Start of Exercise data
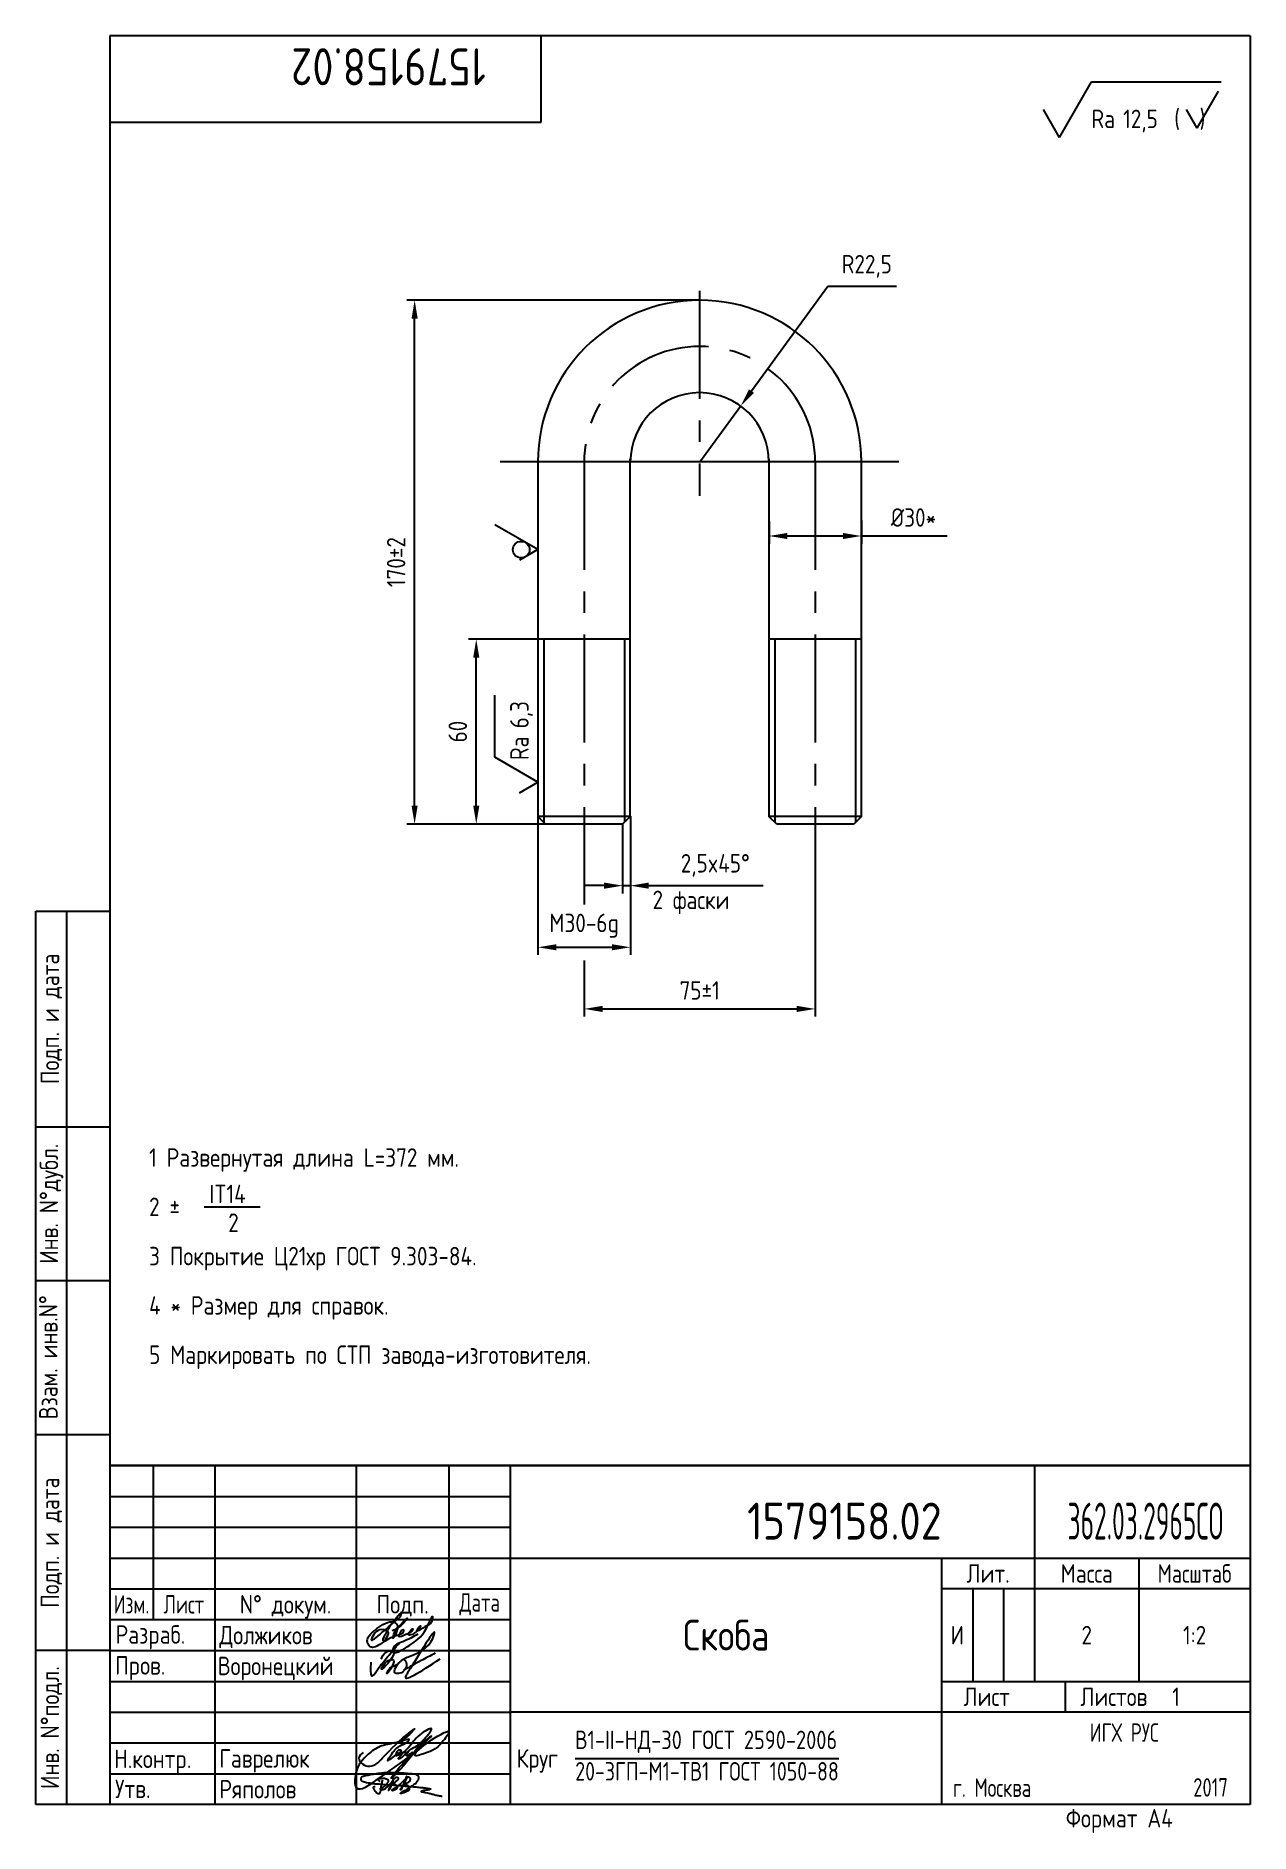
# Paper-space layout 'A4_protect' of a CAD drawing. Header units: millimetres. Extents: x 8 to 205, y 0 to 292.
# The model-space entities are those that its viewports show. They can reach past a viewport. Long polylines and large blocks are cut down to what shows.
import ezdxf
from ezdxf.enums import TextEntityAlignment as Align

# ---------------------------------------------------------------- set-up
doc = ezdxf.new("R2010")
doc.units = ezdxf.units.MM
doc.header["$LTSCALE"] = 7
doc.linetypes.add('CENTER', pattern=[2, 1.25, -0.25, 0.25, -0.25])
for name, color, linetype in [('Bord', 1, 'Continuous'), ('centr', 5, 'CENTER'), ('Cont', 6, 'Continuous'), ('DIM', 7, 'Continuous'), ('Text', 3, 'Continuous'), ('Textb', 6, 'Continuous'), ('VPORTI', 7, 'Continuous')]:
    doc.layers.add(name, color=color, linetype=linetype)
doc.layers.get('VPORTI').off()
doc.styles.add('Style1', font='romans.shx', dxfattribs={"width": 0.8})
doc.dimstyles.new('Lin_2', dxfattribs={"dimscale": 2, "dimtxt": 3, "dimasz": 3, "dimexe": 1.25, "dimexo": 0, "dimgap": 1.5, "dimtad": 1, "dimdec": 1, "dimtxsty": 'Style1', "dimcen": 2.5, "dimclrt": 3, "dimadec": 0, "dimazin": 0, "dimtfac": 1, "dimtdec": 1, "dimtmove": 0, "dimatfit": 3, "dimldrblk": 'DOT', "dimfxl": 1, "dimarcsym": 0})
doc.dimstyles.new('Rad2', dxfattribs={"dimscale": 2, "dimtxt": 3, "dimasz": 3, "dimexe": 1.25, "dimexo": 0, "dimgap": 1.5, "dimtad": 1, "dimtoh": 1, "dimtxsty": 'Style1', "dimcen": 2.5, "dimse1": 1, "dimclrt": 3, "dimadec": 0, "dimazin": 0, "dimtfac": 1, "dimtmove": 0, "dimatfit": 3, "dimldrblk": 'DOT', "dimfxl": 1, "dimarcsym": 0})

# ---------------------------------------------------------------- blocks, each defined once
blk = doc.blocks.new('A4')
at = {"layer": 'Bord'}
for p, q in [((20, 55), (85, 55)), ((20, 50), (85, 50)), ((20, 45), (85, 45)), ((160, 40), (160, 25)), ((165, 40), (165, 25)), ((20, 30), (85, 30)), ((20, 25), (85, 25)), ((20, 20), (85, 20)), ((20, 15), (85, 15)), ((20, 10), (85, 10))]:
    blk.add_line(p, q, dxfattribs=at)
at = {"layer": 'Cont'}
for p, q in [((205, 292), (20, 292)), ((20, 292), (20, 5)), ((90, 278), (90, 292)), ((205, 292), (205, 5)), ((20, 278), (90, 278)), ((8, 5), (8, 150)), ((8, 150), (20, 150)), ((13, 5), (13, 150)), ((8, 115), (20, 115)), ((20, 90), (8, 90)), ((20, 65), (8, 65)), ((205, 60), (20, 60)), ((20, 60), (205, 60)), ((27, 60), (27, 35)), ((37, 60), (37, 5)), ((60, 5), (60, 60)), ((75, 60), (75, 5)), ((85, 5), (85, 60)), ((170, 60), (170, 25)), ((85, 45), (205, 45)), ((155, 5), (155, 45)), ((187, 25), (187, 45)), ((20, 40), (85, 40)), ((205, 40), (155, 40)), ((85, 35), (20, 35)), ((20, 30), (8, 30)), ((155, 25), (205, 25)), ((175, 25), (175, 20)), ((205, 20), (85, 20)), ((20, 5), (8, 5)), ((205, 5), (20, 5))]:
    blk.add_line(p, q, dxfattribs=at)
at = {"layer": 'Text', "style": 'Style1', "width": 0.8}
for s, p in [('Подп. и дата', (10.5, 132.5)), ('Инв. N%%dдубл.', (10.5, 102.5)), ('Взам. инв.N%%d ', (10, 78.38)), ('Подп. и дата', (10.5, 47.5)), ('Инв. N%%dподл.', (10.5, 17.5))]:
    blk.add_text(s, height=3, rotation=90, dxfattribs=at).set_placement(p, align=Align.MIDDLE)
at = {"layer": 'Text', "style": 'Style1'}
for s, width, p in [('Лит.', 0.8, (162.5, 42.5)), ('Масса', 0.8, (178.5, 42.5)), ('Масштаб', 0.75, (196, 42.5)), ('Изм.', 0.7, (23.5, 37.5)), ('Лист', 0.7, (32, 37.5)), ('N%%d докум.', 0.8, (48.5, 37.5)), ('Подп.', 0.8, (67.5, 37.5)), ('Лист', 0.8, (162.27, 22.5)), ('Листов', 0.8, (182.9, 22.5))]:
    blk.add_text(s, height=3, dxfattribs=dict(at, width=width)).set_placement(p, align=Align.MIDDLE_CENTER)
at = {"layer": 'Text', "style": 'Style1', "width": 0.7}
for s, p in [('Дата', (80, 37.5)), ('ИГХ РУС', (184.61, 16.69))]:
End of Exercise data
*About this exercise*
Carry over each record above character for character, with the pictures left out.

*Answer section*
# Paper-space layout 'A4_protect' of a CAD drawing. Header units: millimetres. Extents: x 8 to 205, y 0 to 292.
# The model-space entities are those that its viewports show. They can reach past a viewport. Long polylines and large blocks are cut down to what shows.
import ezdxf
from ezdxf.enums import TextEntityAlignment as Align

# ---------------------------------------------------------------- set-up
doc = ezdxf.new("R2010")
doc.units = ezdxf.units.MM
doc.header["$LTSCALE"] = 7
doc.linetypes.add('CENTER', pattern=[2, 1.25, -0.25, 0.25, -0.25])
for name, color, linetype in [('Bord', 1, 'Continuous'), ('centr', 5, 'CENTER'), ('Cont', 6, 'Continuous'), ('DIM', 7, 'Continuous'), ('Text', 3, 'Continuous'), ('Textb', 6, 'Continuous'), ('VPORTI', 7, 'Continuous')]:
    doc.layers.add(name, color=color, linetype=linetype)
doc.layers.get('VPORTI').off()
doc.styles.add('Style1', font='romans.shx', dxfattribs={"width": 0.8})
doc.dimstyles.new('Lin_2', dxfattribs={"dimscale": 2, "dimtxt": 3, "dimasz": 3, "dimexe": 1.25, "dimexo": 0, "dimgap": 1.5, "dimtad": 1, "dimdec": 1, "dimtxsty": 'Style1', "dimcen": 2.5, "dimclrt": 3, "dimadec": 0, "dimazin": 0, "dimtfac": 1, "dimtdec": 1, "dimtmove": 0, "dimatfit": 3, "dimldrblk": 'DOT', "dimfxl": 1, "dimarcsym": 0})
doc.dimstyles.new('Rad2', dxfattribs={"dimscale": 2, "dimtxt": 3, "dimasz": 3, "dimexe": 1.25, "dimexo": 0, "dimgap": 1.5, "dimtad": 1, "dimtoh": 1, "dimtxsty": 'Style1', "dimcen": 2.5, "dimse1": 1, "dimclrt": 3, "dimadec": 0, "dimazin": 0, "dimtfac": 1, "dimtmove": 0, "dimatfit": 3, "dimldrblk": 'DOT', "dimfxl": 1, "dimarcsym": 0})

# ---------------------------------------------------------------- blocks, each defined once
blk = doc.blocks.new('A4')
at = {"layer": 'Bord'}
for p, q in [((20, 55), (85, 55)), ((20, 50), (85, 50)), ((20, 45), (85, 45)), ((160, 40), (160, 25)), ((165, 40), (165, 25)), ((20, 30), (85, 30)), ((20, 25), (85, 25)), ((20, 20), (85, 20)), ((20, 15), (85, 15)), ((20, 10), (85, 10))]:
    blk.add_line(p, q, dxfattribs=at)
at = {"layer": 'Cont'}
for p, q in [((205, 292), (20, 292)), ((20, 292), (20, 5)), ((90, 278), (90, 292)), ((205, 292), (205, 5)), ((20, 278), (90, 278)), ((8, 5), (8, 150)), ((8, 150), (20, 150)), ((13, 5), (13, 150)), ((8, 115), (20, 115)), ((20, 90), (8, 90)), ((20, 65), (8, 65)), ((205, 60), (20, 60)), ((20, 60), (205, 60)), ((27, 60), (27, 35)), ((37, 60), (37, 5)), ((60, 5), (60, 60)), ((75, 60), (75, 5)), ((85, 5), (85, 60)), ((170, 60), (170, 25)), ((85, 45), (205, 45)), ((155, 5), (155, 45)), ((187, 25), (187, 45)), ((20, 40), (85, 40)), ((205, 40), (155, 40)), ((85, 35), (20, 35)), ((20, 30), (8, 30)), ((155, 25), (205, 25)), ((175, 25), (175, 20)), ((205, 20), (85, 20)), ((20, 5), (8, 5)), ((205, 5), (20, 5))]:
    blk.add_line(p, q, dxfattribs=at)
at = {"layer": 'Text', "style": 'Style1', "width": 0.8}
for s, p in [('Подп. и дата', (10.5, 132.5)), ('Инв. N%%dдубл.', (10.5, 102.5)), ('Взам. инв.N%%d ', (10, 78.38)), ('Подп. и дата', (10.5, 47.5)), ('Инв. N%%dподл.', (10.5, 17.5))]:
    blk.add_text(s, height=3, rotation=90, dxfattribs=at).set_placement(p, align=Align.MIDDLE)
at = {"layer": 'Text', "style": 'Style1'}
for s, width, p in [('Лит.', 0.8, (162.5, 42.5)), ('Масса', 0.8, (178.5, 42.5)), ('Масштаб', 0.75, (196, 42.5)), ('Изм.', 0.7, (23.5, 37.5)), ('Лист', 0.7, (32, 37.5)), ('N%%d докум.', 0.8, (48.5, 37.5)), ('Подп.', 0.8, (67.5, 37.5)), ('Лист', 0.8, (162.27, 22.5)), ('Листов', 0.8, (182.9, 22.5))]:
    blk.add_text(s, height=3, dxfattribs=dict(at, width=width)).set_placement(p, align=Align.MIDDLE_CENTER)
at = {"layer": 'Text', "style": 'Style1', "width": 0.7}
for s, p in [('Дата', (80, 37.5)), ('ИГХ РУС', (184.61, 16.69))]:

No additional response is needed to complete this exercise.